*** Extracted data ***

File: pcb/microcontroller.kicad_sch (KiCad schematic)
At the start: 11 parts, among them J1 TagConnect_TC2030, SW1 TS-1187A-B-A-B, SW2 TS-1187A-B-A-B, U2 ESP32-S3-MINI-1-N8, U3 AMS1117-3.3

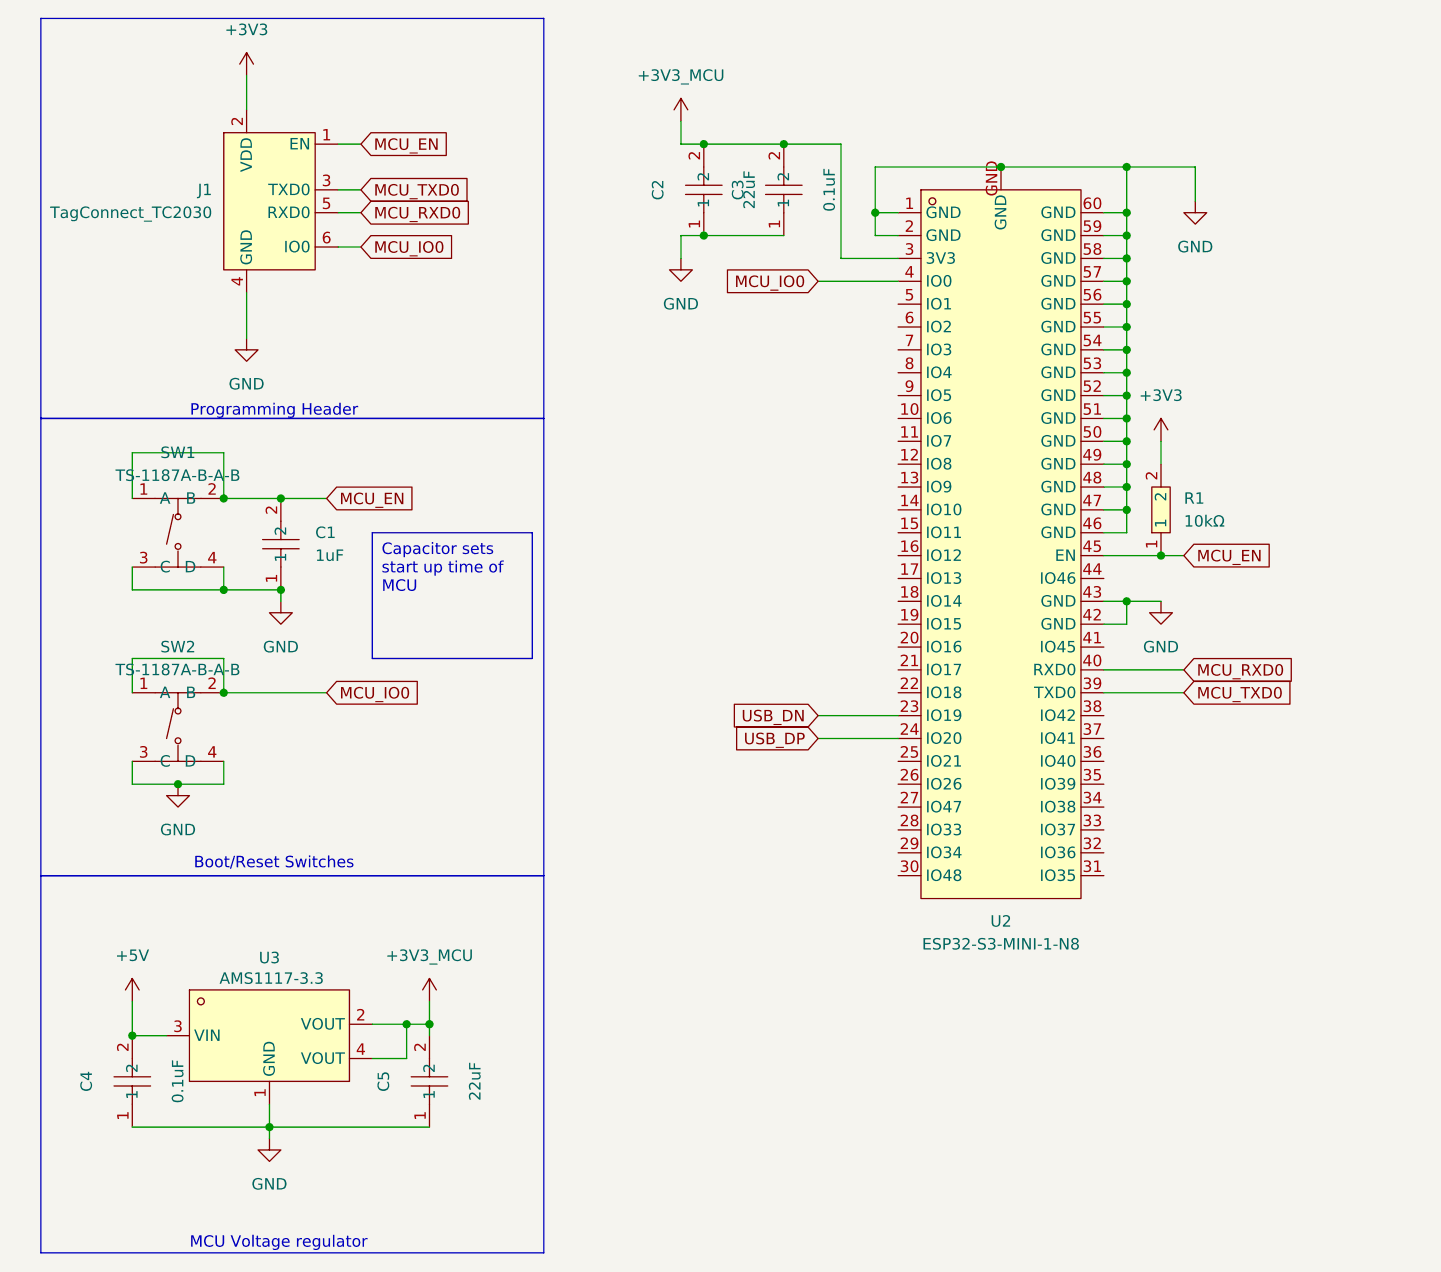
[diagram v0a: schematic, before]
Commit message: Starting on the SMPS
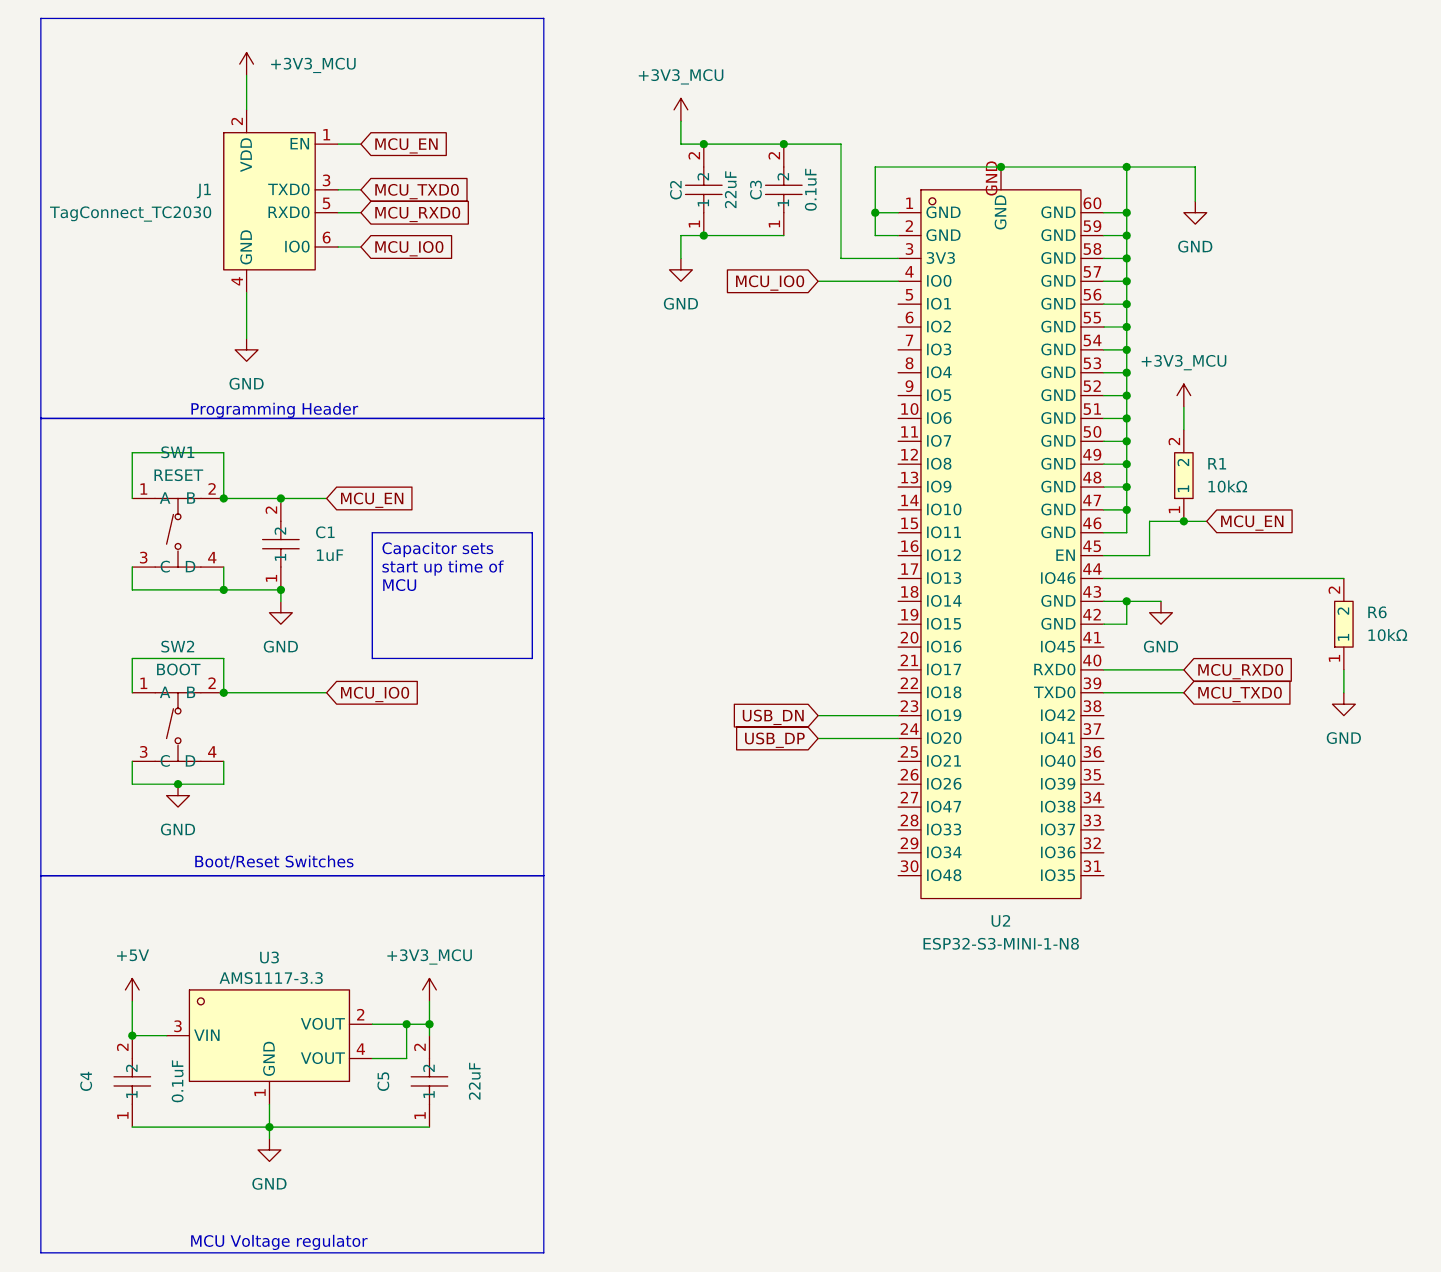
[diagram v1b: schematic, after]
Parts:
- added R6: 10kΩ, EasyEDA:R0603, symbol EasyEDA:10kΩ 0603
- SW1: value TS-1187A-B-A-B -> RESET
- SW2: value TS-1187A-B-A-B -> BOOT
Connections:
- net +3V3 is gone; now on net +3V3_MCU: J1.2 (VDD), R1.2
- net GND: now also R6.1
- net at U2.44 (IO46): now also R6.2
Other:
- moved on the sheet: R1
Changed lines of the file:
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@@
 	)
 	(junction
-		(at 137.16 72.39)
+		(at 139.7 68.58)
 		(diameter 0)
 		(color 0 0 0 0)
@@
 	(wire
 		(pts
-			(xy 137.16 72.39) (xy 139.7 72.39)
+			(xy 139.7 68.58) (xy 142.24 68.58)
 		)
 		(stroke
@@
 	(wire
 		(pts
+			(xy 135.89 68.58) (xy 135.89 72.39)
+		)
+		(stroke
+			(width 0)
+			(type default)
+		)
+	)
+	(wire
+		(pts
 			(xy 105.41 29.21) (xy 119.38 29.21)
 		)
@@
 	(wire
 		(pts
+			(xy 135.89 72.39) (xy 130.81 72.39)
+		)
+		(stroke
+			(width 0)
+			(type default)
+		)
+	)
+	(wire
+		(pts
 			(xy 99.06 41.91) (xy 107.95 41.91)
 		)
@@
 	(wire
 		(pts
+			(xy 157.48 85.09) (xy 157.48 87.63)
+		)
+		(stroke
+			(width 0)
+			(type default)
+		)
+	)
+	(wire
+		(pts
 			(xy 55.88 124.46) (xy 55.88 125.73)
 		)
@@
 	(wire
 		(pts
+			(xy 130.81 74.93) (xy 157.48 74.93)
+		)
+		(stroke
+			(width 0)
+			(type default)
+		)
+	)
+	(wire
+		(pts
 			(xy 22.86 135.89) (xy 38.1 135.89)
 		)
@@
 	(wire
 		(pts
-			(xy 137.16 59.69) (xy 137.16 62.23)
+			(xy 139.7 55.88) (xy 139.7 58.42)
 		)
 		(stroke
@@
 	(wire
 		(pts
-			(xy 130.81 72.39) (xy 137.16 72.39)
-		)
-		(stroke
-			(width 0)
-			(type default)
-		)
-	)
-	(wire
-		(pts
 			(xy 39.37 66.04) (xy 44.45 66.04)
 		)
@@
 		(pts
 			(xy 133.35 49.53) (xy 133.35 46.99)
+		)
+		(stroke
+			(width 0)
+			(type default)
+		)
+	)
+	(wire
+		(pts
+			(xy 135.89 68.58) (xy 139.7 68.58)
 		)
 		(stroke
@@
 	(global_label "MCU_EN"
 		(shape input)
-		(at 139.7 72.39 0)
+		(at 142.24 68.58 0)
 		(fields_autoplaced yes)
 		(effects
@@
 		)
 		(property "Intersheetrefs" "${INTERSHEET_REFS}"
-			(at 150.1842 72.39 0)
+			(at 152.7242 68.58 0)
 			(effects
 				(font
@@
 				(justify left)
 				(hide yes)
+			)
+		)
+	)
+	(symbol
+		(lib_id "EasyEDA:10kΩ 0603")
+		(at 157.48 80.01 90)
+		(unit 1)
+		(exclude_from_sim no)
+		(in_bom yes)
+		(on_board yes)
+		(dnp no)
+		(fields_autoplaced yes)
+		(property "Reference" "R6"
+			(at 160.02 78.7399 90)
+			(effects
+				(font
+					(size 1.27 1.27)
+				)
+				(justify right)
+			)
+		)
+		(property "Value" "10kΩ"
+			(at 160.02 81.2799 90)
+			(effects
+				(font
+					(size 1.27 1.27)
+				)
+				(justify right)
+			)
+		)
+		(property "Footprint" "EasyEDA:R0603"
+			(at 165.1 80.01 0)
+			(effects
+				(font
+					(size 1.27 1.27)
+				)
+				(hide yes)
+			)
+		)
+		(property "Datasheet" "https://lcsc.com/product-detail/Chip-Resistor-Surface-Mount-UniOhm_10KR-1002-1_C25804.html"
+			(at 167.64 80.01 0)
+			(effects
+				(font
+					(size 1.27 1.27)
+				)
+				(hide yes)
+			)
+		)
+		(property "Description" "0603WAF1002T5E"
+			(at 157.48 80.01 0)
+			(effects
+				(font
+					(size 1.27 1.27)
+				)
+				(hide yes)
+			)
+		)
+		(property "LCSC Part" "C25804"
+			(at 170.18 80.01 0)
+			(effects
+				(font
+					(size 1.27 1.27)
+				)
+				(hide yes)
+			)
+		)
+		(pin "2"
+		)
+		(pin "1"
+		)
+		(instances
+			(project "pcb"
+				(path "/7efcc018-2ceb-4b85-a682-18e44d24826b/77e24cbc-bef9-40f4-87d1-6c1611733373"
+					(reference "R6")
+					(unit 1)
+				)
 			)
 		)
@@
 			)
 		)
-		(property "Value" "TS-1187A-B-A-B"
+		(property "Value" "RESET"
 			(at 27.94 63.5 0)
 			(effects
@@
 		(dnp no)
 		(property "Reference" "C3"
-			(at 90.17 31.75 0)
+			(at 92.202 31.75 0)
 			(effects
 				(font
@@
 		)
 		(property "Value" "0.1uF"
-			(at 100.33 31.75 0)
+			(at 98.298 31.75 0)
 			(effects
 				(font
@@
 	(symbol
 		(lib_id "power:+3V3")
-		(at 137.16 59.69 0)
+		(at 139.7 55.88 0)
 		(unit 1)
 		(exclude_from_sim no)
@@
 		(fields_autoplaced yes)
 		(property "Reference" "#PWR05"
-			(at 137.16 63.5 0)
-			(effects
-				(font
-					(size 1.27 1.27)
-				)
-				(hide yes)
-			)
-		)
-		(property "Value" "+3V3"
-			(at 137.16 54.61 0)
+			(at 139.7 59.69 0)
+			(effects
+				(font
+					(size 1.27 1.27)
+				)
+				(hide yes)
+			)
+		)
+		(property "Value" "+3V3_MCU"
+			(at 139.7 50.8 0)
 			(effects
 				(font
@@
 		)
 		(property "Footprint" ""
-			(at 137.16 59.69 0)
+			(at 139.7 55.88 0)
 			(effects
 				(font
@@
 		)
 		(property "Datasheet" ""
-			(at 137.16 59.69 0)
+			(at 139.7 55.88 0)
 			(effects
 				(font
@@
 		)
 		(property "Description" "Power symbol creates a global label with name \"+3V3\""
-			(at 137.16 59.69 0)
+			(at 139.7 55.88 0)
 			(effects
 				(font
@@
 			)
 		)
-		(property "Value" "+3V3"
-			(at 35.56 13.97 0)
-			(effects
-				(font
-					(size 1.27 1.27)
-				)
+		(property "Value" "+3V3_MCU"
+			(at 38.1 17.7799 0)
+			(effects
+				(font
+					(size 1.27 1.27)
+				)
+				(justify left)
 			)
 		)
@@
 				(path "/7efcc018-2ceb-4b85-a682-18e44d24826b/77e24cbc-bef9-40f4-87d1-6c1611733373"
 					(reference "#PWR08")
+					(unit 1)
+				)
+			)
+		)
+	)
+	(symbol
+		(lib_id "power:GND")
+		(at 157.48 87.63 0)
+		(unit 1)
+		(exclude_from_sim no)
+		(in_bom yes)
+		(on_board yes)
+		(dnp no)
+		(fields_autoplaced yes)
+		(property "Reference" "#PWR025"
+			(at 157.48 93.98 0)
+			(effects
+				(font
+					(size 1.27 1.27)
+				)
+				(hide yes)
+			)
+		)
+		(property "Value" "GND"
+			(at 157.48 92.71 0)
+			(effects
+				(font
+					(size 1.27 1.27)
+				)
+			)
+		)
+		(property "Footprint" ""
+			(at 157.48 87.63 0)
+			(effects
+				(font
+					(size 1.27 1.27)
+				)
+				(hide yes)
+			)
+		)
+		(property "Datasheet" ""
+			(at 157.48 87.63 0)
+			(effects
+				(font
+					(size 1.27 1.27)
+				)
+				(hide yes)
+			)
+		)
+		(property "Description" "Power symbol creates a global label with name \"GND\" , ground"
+			(at 157.48 87.63 0)
+			(effects
+				(font
+					(size 1.27 1.27)
+				)
+				(hide yes)
+			)
+		)
+		(pin "1"
+		)
+		(instances
+			(project "pcb"
+				(path "/7efcc018-2ceb-4b85-a682-18e44d24826b/77e24cbc-bef9-40f4-87d1-6c1611733373"
+					(reference "#PWR025")
 					(unit 1)
 				)
@@
 		(dnp no)
 		(property "Reference" "C2"
-			(at 81.28 31.75 0)
+			(at 83.312 31.75 0)
 			(effects
 				(font
@@
 		)
 		(property "Value" "22uF"
-			(at 91.44 31.75 0)
+			(at 89.408 31.75 0)
 			(effects
 				(font
@@
 			)
 		)
-		(property "Value" "TS-1187A-B-A-B"
+		(property "Value" "BOOT"
 			(at 27.94 85.09 0)
 			(effects
@@
 	(symbol
 		(lib_id "EasyEDA:10kΩ 0603")
-		(at 137.16 67.31 90)
+		(at 139.7 63.5 90)
 		(unit 1)
 		(exclude_from_sim no)
@@
 		(fields_autoplaced yes)
 		(property "Reference" "R1"
-			(at 139.7 66.0399 90)
+			(at 142.24 62.2299 90)
 			(effects
 				(font
@@
 		)
 		(property "Value" "10kΩ"
-			(at 139.7 68.5799 90)
+			(at 142.24 64.7699 90)
 			(effects
 				(font
@@
 		)
 		(property "Footprint" "EasyEDA:R0603"
-			(at 144.78 67.31 0)
+			(at 147.32 63.5 0)
 			(effects
 				(font
@@
 		)
 		(property "Datasheet" "https://lcsc.com/product-detail/Chip-Resistor-Surface-Mount-UniOhm_10KR-1002-1_C25804.html"
-			(at 147.32 67.31 0)
+			(at 149.86 63.5 0)
 			(effects
 				(font
@@
 		)
 		(property "Description" "0603WAF1002T5E"
-			(at 137.16 67.31 0)
+			(at 139.7 63.5 0)
 			(effects
 				(font
@@
 		)
 		(property "LCSC Part" "C25804"
-			(at 149.86 67.31 0)
-			(effects
-				(font
+			(at 152.4 63.5 0)
+			(effects
+				(font

***

*Work to be completed*
Exactly and only the lines from the one containing "147.32 67.31 0)" to the end of the entries above are to be written out.

*Reply*
-			(at 147.32 67.31 0)
+			(at 149.86 63.5 0)
 			(effects
 				(font
@@
 		)
 		(property "Description" "0603WAF1002T5E"
-			(at 137.16 67.31 0)
+			(at 139.7 63.5 0)
 			(effects
 				(font
@@
 		)
 		(property "LCSC Part" "C25804"
-			(at 149.86 67.31 0)
-			(effects
-				(font
+			(at 152.4 63.5 0)
+			(effects
+				(font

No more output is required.